# Quelle capacité pour mon prochain ipad



## city1 (19 Août 2014)

Bonsoir, 
Mon ipad 3 ayant rendu l'âme , je vais bientôt acheter un iPad Air tarif éducation . Mais j'hésite entre un 16 Go ou 32 Go . La différence de prix me dérange un peu....
Je vais installer quelques applications et quelques phots et vidéos ,alors 16 'go sont suffisant ?


----------



## Deleted member 18124 (20 Août 2014)

Bonjour,

Le 32 Go me semble plus approprié dans ton cas.


----------



## Ealdu (20 Août 2014)

La réponse est pourtant simple:

Ton iPad 3 avait quel capacité?
Cela te convenait-il?


Parceque si tu achètes un iPad pour les autres, moi c'est 128go sans hésiter.....


----------



## adixya (20 Août 2014)

Ealdu a dit:


> moi c'est 128go sans hésiter.....




Ha ha c'est clair vivement les iPad de 1 To (à prix raisonnable bien entendu).


----------



## Membre supprimé 2 (30 Août 2014)

Moi j'ai un iPad Air 16Gb et j'avoue qu'il est déjà plein... Je n'ai pas énormément de photos, aucune vidéo, par contre les applications prennent vite de la place de nos jours... Donc je te conseillerais le 32 pour être certain que ça suffit.


----------



## cillab (31 Août 2014)

city1 a dit:


> Bonsoir,
> Mon ipad 3 ayant rendu l'âme , je vais bientôt acheter un iPad Air tarif éducation . Mais j'hésite entre un 16 Go ou 32 Go . La différence de prix me dérange un peu....
> Je vais installer quelques applications et quelques phots et vidéos ,alors 16 'go sont suffisant ?




quelques applications,et QUELQUESphotos je connais ça et on charge la mule
moi j'ai ésolu le probléme , un disque dur wifi LACIE FUEL DE 1 TO plus de problémes de stokage


----------



## Deleted member 18124 (31 Août 2014)

nono68200 a dit:


> Moi j'ai un iPad Air 16Gb et j'avoue qu'il est déjà plein... Je n'ai pas énormément de photos, aucune vidéo, par contre les applications prennent vite de la place de nos jours... Donc je te conseillerais le 32 pour être certain que ça suffit.



Je suis un peu dans la même situation, à ceci près que mon iPad n'est pas plein (bien que très rempli).

Cependant, quand je l'ai acheté il y a 2/3 ans, je me suis dit que 16Go suffisaient largement pour l'usage que j'en aurai.
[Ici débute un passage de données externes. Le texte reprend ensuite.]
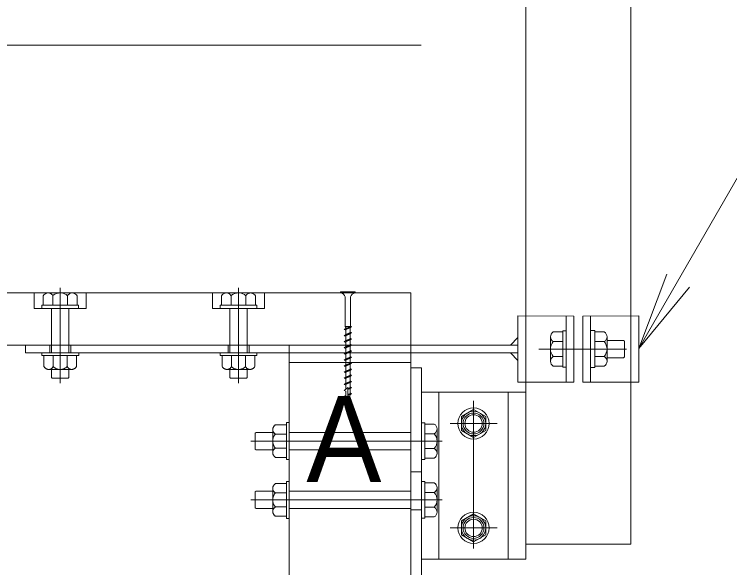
# Model space of a CAD drawing. Units: millimetres at full size, sheet at 1:30; details may follow other scales. Extents: x 300 to 12300, y 300 to 8610.
# Drawn here: x 10871.6 to 11282.9, y 4116.2 to 4434.2 of the extents above; entities that cross this region are included whole.
import ezdxf
from ezdxf.enums import TextEntityAlignment as Align

# ---------------------------------------------------------------- set-up
doc = ezdxf.new("R2010")
doc.units = ezdxf.units.MM
doc.header["$LTSCALE"] = 30
for name, pattern in [('CHAIN', [18.5, 12, -1.5, 3.5, -1.5]), ('DASHED_SPACED', [12, 6, -6]), ('USER2', [300, 187.5, -37.5, 37.5, -37.5])]:
    doc.linetypes.add(name, pattern=pattern)
for name, color, linetype, lineweight in [('コーススレッド', 7, 'Continuous', 13), ('ボルト', 7, 'Continuous', 18), ('引出線', 7, 'Continuous', 13), ('支持金物', 7, 'DASHED_SPACED', 13), ('支柱', 7, 'Continuous', 18), ('根太材A', 7, 'Continuous', 18), ('補強金物', 7, 'Continuous', 18)]:
    doc.layers.add(name, color=color, linetype=linetype, lineweight=lineweight)
doc.layers.add('文字', color=7, linetype='Continuous')
doc.styles.add('ＭＳ Ｐゴシック', font='')
doc.styles.get('ＭＳ Ｐゴシック').set_extended_font_data('MS PGothic')

# ---------------------------------------------------------------- blocks, each defined once
blk = doc.blocks.new('open_arrow')
at = {"color": 0, "linetype": 'Continuous', "lineweight": -2}
blk.add_lwpolyline([(7.5, 1.25), (0, 0), (7.5, -1.25)], dxfattribs=at)

msp = doc.modelspace()

# ---------------------------------------------------------------- linework, layer by layer
at = {"layer": 'コーススレッド'}
for p, q in [((11067.63, 4274.77), (11059.23, 4274.77)), ((11059.23, 4274.77), (11059.23, 4274.07)), ((11067.63, 4274.07), (11059.23, 4274.07)), ((11067.63, 4274.77), (11067.63, 4274.07)), ((11061.93, 4271.77), (11061.93, 4254.77)), ((11064.93, 4271.77), (11064.93, 4254.77)), ((11065.53, 4254.77), (11061.33, 4253.02)), ((11061.33, 4253.02), (11062.18, 4253.68)), ((11061.33, 4253.02), (11062.18, 4252.67)), ((11065.53, 4254.77), (11061.93, 4254.77)), ((11061.93, 4254.77), (11062.18, 4254.23)), ((11064.93, 4254.77), (11062.18, 4253.68)), ((11062.18, 4254.23), (11062.18, 4253.68)), ((11064.68, 4254.09), (11062.18, 4253.05)), ((11062.18, 4253.05), (11062.18, 4250.21)), ((11065.53, 4254.77), (11064.68, 4254.09)), ((11064.68, 4254.09), (11064.68, 4251.27)), ((11065.53, 4251.27), (11061.33, 4249.52)), ((11065.53, 4251.27), (11061.33, 4249.52)), ((11061.33, 4249.52), (11062.18, 4250.21)), ((11061.33, 4249.52), (11062.18, 4249.17)), ((11064.68, 4251.27), (11062.18, 4250.21)), ((11064.68, 4250.59), (11062.18, 4249.52)), ((11062.18, 4249.52), (11062.18, 4246.71)), ((11064.68, 4251.62), (11065.53, 4251.27)), ((11065.53, 4251.27), (11064.68, 4250.59)), ((11064.68, 4250.59), (11064.68, 4247.77)), ((11065.53, 4247.77), (11061.33, 4246.02)), ((11061.33, 4246.02), (11062.18, 4246.71)), ((11061.33, 4246.02), (11062.18, 4245.67)), ((11064.68, 4247.77), (11062.18, 4246.71)), ((11064.68, 4247.09), (11062.18, 4246.02)), ((11062.18, 4246.02), (11062.18, 4243.21)), ((11064.68, 4248.12), (11065.53, 4247.77)), ((11065.53, 4247.77), (11064.68, 4247.09)), ((11064.68, 4247.09), (11064.68, 4244.27)), ((11064.68, 4244.62), (11065.53, 4244.27)), ((11065.53, 4244.27), (11061.33, 4242.52)), ((11061.33, 4242.52), (11062.18, 4243.21)), ((11061.33, 4242.52), (11062.18, 4242.17)), ((11065.53, 4240.77), (11061.33, 4239.02)), ((11064.68, 4244.27), (11062.18, 4243.21)), ((11064.68, 4243.59), (11062.18, 4242.52)), ((11062.18, 4242.52), (11062.18, 4239.71)), ((11064.68, 4240.77), (11062.18, 4239.71)), ((11065.53, 4244.27), (11064.68, 4243.59)), ((11064.68, 4243.59), (11064.68, 4240.77)), ((11064.68, 4241.12), (11065.53, 4240.77)), ((11065.53, 4240.77), (11064.68, 4240.09)), ((11061.33, 4239.02), (11062.18, 4239.71)), ((11061.33, 4239.02), (11062.18, 4238.67)), ((11065.53, 4237.27), (11061.33, 4235.52)), ((11064.68, 4240.09), (11062.18, 4239.02)), ((11062.18, 4239.02), (11062.18, 4236.21)), ((11064.68, 4237.27), (11062.18, 4236.21)), ((11064.68, 4236.59), (11062.18, 4235.52)), ((11064.68, 4240.09), (11064.68, 4237.27)), ((11064.68, 4237.62), (11065.53, 4237.27)), ((11065.53, 4237.27), (11064.68, 4236.59)), ((11064.68, 4236.59), (11064.68, 4233.77)), ((11061.33, 4235.52), (11062.18, 4236.21)), ((11061.33, 4235.52), (11062.18, 4235.17)), ((11065.53, 4233.77), (11061.33, 4232.02)), ((11061.33, 4232.02), (11062.18, 4232.71)), ((11062.18, 4235.52), (11062.18, 4232.71)), ((11064.68, 4233.77), (11062.18, 4232.71)), ((11064.68, 4233.09), (11062.18, 4232.02)), ((11064.68, 4234.12), (11065.53, 4233.77)), ((11065.53, 4233.77), (11064.68, 4233.09)), ((11064.68, 4233.09), (11064.68, 4230.27)), ((11061.33, 4232.02), (11062.18, 4231.67)), ((11065.53, 4230.27), (11061.33, 4228.52)), ((11061.33, 4228.52), (11062.18, 4229.21)), ((11061.33, 4228.52), (11062.18, 4228.17)), ((11062.18, 4232.02), (11062.18, 4229.21)), ((11064.68, 4230.27), (11062.18, 4229.21)), ((11064.68, 4229.59), (11062.18, 4228.52)), ((11062.18, 4228.52), (11062.18, 4225.71)), ((11064.68, 4230.62), (11065.53, 4230.27)), ((11065.53, 4230.27), (11064.68, 4229.59)), ((11064.68, 4229.59), (11064.68, 4226.77)), ((11065.53, 4226.77), (11061.33, 4225.02)), ((11061.33, 4225.02), (11062.18, 4225.71)), ((11061.33, 4225.02), (11062.18, 4224.67)), ((11064.68, 4226.77), (11062.18, 4225.71)), ((11064.68, 4226.09), (11062.18, 4225.02)), ((11062.18, 4225.02), (11062.18, 4222.21)), ((11064.68, 4227.12), (11065.53, 4226.77)), ((11065.53, 4226.77), (11064.68, 4226.09)), ((11064.68, 4226.09), (11064.68, 4223.27)), ((11065.53, 4223.27), (11061.33, 4221.52)), ((11061.33, 4221.52), (11062.18, 4222.21)), ((11061.33, 4221.52), (11062.18, 4221.17)), ((11064.68, 4223.27), (11062.18, 4222.21)), ((11064.68, 4222.59), (11062.18, 4221.52)), ((11062.18, 4221.52), (11062.18, 4218.71)), ((11064.68, 4223.62), (11065.53, 4223.27)), ((11065.53, 4223.27), (11064.68, 4222.59)), ((11064.68, 4222.59), (11064.68, 4219.77)), ((11064.68, 4220.12), (11065.53, 4219.77)), ((11061.33, 4218.02), (11062.18, 4218.71)), ((11061.33, 4218.02), (11062.18, 4217.67)), ((11062.18, 4218.71), (11063.43, 4219.72)), ((11062.18, 4217.67), (11062.18, 4215.21)), ((11064.68, 4219.77), (11063.43, 4219.24)), ((11065.53, 4219.77), (11063.43, 4218.9)), ((11063.43, 4219.72), (11063.43, 4219.24)), ((11063.43, 4209.77), (11063.43, 4219.24)), ((11064.68, 4219.09), (11063.43, 4218.56)), ((11064.68, 4216.27), (11063.43, 4215.74)), ((11065.53, 4216.27), (11063.43, 4215.4)), ((11065.53, 4219.77), (11064.68, 4219.09)), ((11064.68, 4219.09), (11064.68, 4216.27)), ((11064.68, 4216.62), (11065.53, 4216.27)), ((11065.53, 4216.27), (11064.68, 4215.59)), ((11061.33, 4214.52), (11062.18, 4215.21)), ((11061.33, 4214.52), (11062.18, 4214.17)), ((11062.79, 4211.9), (11062.18, 4214.17)), ((11062.39, 4211.47), (11062.8, 4211.91)), ((11064.68, 4215.59), (11063.43, 4215.06)), ((11063.96, 4212.38), (11063.43, 4212.16)), ((11064.3, 4212.27), (11063.43, 4211.89)), ((11063.83, 4211.86), (11063.43, 4211.69)), ((11063.43, 4209.77), (11063.87, 4211.85)), ((11064.32, 4212.27), (11063.86, 4211.84)), ((11063.96, 4212.38), (11064.68, 4215.59)), ((11064.38, 4212.27), (11064.07, 4212.69)), ((11062.44, 4211.47), (11062.91, 4211.47)), ((11063.43, 4209.77), (11062.94, 4211.48))]:
    msp.add_line(p, q, dxfattribs=at)
for centre, radius, start, end in [((11059.05, 4271.13), 2.95, 12.6128, 86.5351), ((11067.87, 4271.05), 3.03, 94.5496, 166.3026)]:
    msp.add_arc(centre, radius, start, end, dxfattribs=at)
at = {"layer": 'ボルト', "linetype": 'DASHED_SPACED', "lineweight": 0}
for p, q in [((10889.12, 4273.36), (10888.59, 4272.92)), ((10889.72, 4273.71), (10889.12, 4273.36)), ((10890.37, 4273.96), (10889.72, 4273.71)), ((10891.06, 4274.09), (10890.37, 4273.96)), ((10905, 4274.09), (10891.06, 4274.09)), ((10891.34, 4274.08), (10891.06, 4274.09)), ((10891.85, 4274), (10891.34, 4274.08)), ((10892.34, 4273.84), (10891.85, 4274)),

Mais au final il se remplit plus vite que je ne pouvais l'imaginer.

C'est pourquoi je recommande aussi le 32 Go.


----------



## flotow (31 Août 2014)

Je suis avec un iPad de 16 Go et ça me convient. Faut juste faire attention


----------



## cillab (1 Septembre 2014)

Tucpasquic a dit:


> Je suis avec un iPad de 16 Go et ça me convient. Faut juste faire attention



 faire ATTENTION c'est trés bien, mais toutes les photos des copines de cet été,ça fait au moins 10 GO lol


----------